- Education: University of California, San Diego; San Diego State University;
- Occupation: Filmmaker
- Years active: 2001–present
- Notable work: I Am Not a Hipster; Short Term 12;

= Ron Najor =

Ron Najor is a filmmaker recognized for his work in independent cinema. Najor produced Destin Daniel Cretton's feature debut, I Am Not a Hipster, which premiered at the 2012 Sundance Film Festival, and Short Term 12 (2013), which won both the Grand Jury Prize and Audience Award at SXSW.

== Early life ==
As a San Diego native, Najor began his academic journey at a junior college before briefly attending the University of California, San Diego (UCSD) as a literature major. Seeking a different path, he transferred to San Diego State University (SDSU), where he developed an interest in filmmaking. He pursued a double major in psychology and film, later earning a master's degree from SDSU despite the common recommendation to study at different institutions for undergraduate and graduate degrees.

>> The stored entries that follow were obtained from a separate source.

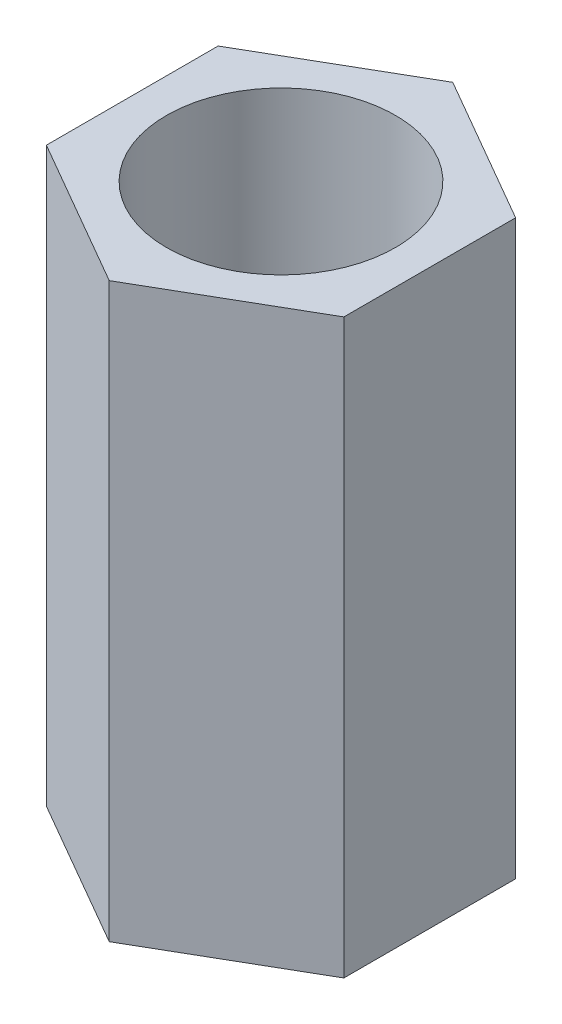
SolidWorks part; units mm, degrees
material "黄铜"
ref_plane "前视基准面" through (0, 0, 0) normal (0, 0, 1) x (1, 0, 0)
ref_plane "上视基准面" through (0, 0, 0) normal (0, 1, 0) x (1, 0, 0)
ref_plane "右视基准面" through (0, 0, 0) normal (1, 0, 0) x (0, 0, -1)
other "Configuration Table"
sketch "草图1" plane through (0, 0, 0) normal (0, 1, 0) x (1, 0, 0)
  line L1 (0, 3) -> (-2.5981, 1.5)
  line L2 (-2.5981, 1.5) -> (-2.5981, -1.5)
  line L3 (-2.5981, -1.5) -> (0, -3)
  line L4 (0, -3) -> (2.5981, -1.5)
  line L5 (2.5981, -1.5) -> (2.5981, 1.5)
  line L6 (2.5981, 1.5) -> (0, 3)
  circle A0 centre (0, 0) radius 2
  circle A1 centre (0, 0) radius 2.5981 construction
  dimension "D1" = 4
  dimension "D2" = 6
extrude "凸台-拉伸1" add sketch "草图1" along normal blind 10

After graduating in 2002, Najor moved to Los Angeles and worked as a production assistant while also returning to SDSU to teach introductory film production. His early career included roles in editing, directing, and behind-the-scenes documentary work before he transitioned into producing.

== Career ==
In 2011, Najor produced I Am Not a Hipster, a drama directed by Destin Daniel Cretton. As the lead producer, he oversaw production under Uncle Freddy Productions. The film, which explores themes of grief and artistic struggle, presents an intimate, character-driven narrative set within San Diego’s indie-rock scene. Najor worked closely with Cretton and the cast to develop the film's naturalistic style. I Am Not a Hipster received recognition on the festival circuit, contributing to Najor's growing reputation in independent filmmaking.

In 2012, Najor served as a producer on Short Term 12, reuniting with director Cretton after their collaboration on I Am Not a Hipster. Najor was involved in securing financing and managing production logistics for the film, which was shot over 20 days in Los Angeles. His work included helping the film navigate financial challenges, including obtaining grants such as the Kenneth Rainin Foundation post-production grant from the San Francisco Film Society. Short Term 12 went on to win both the Grand Jury Prize and the Audience Award at SXSW 2013.

In 2024, Najor joined Cretton's newly launched multimedia production company, Hisako, as Vice President of Film. Having previously held the same role at Cretton's former production company. The company launched under Disney Entertainment Television’s Onyx Collective, with its first major project being the live-action adaptation of Naruto, which Cretton is set to write and direct for Lionsgate.

Najor directed and starred in the feature-length film Adjunct, which premiered in 2025 and was based on his own experiences as an adjunct professor.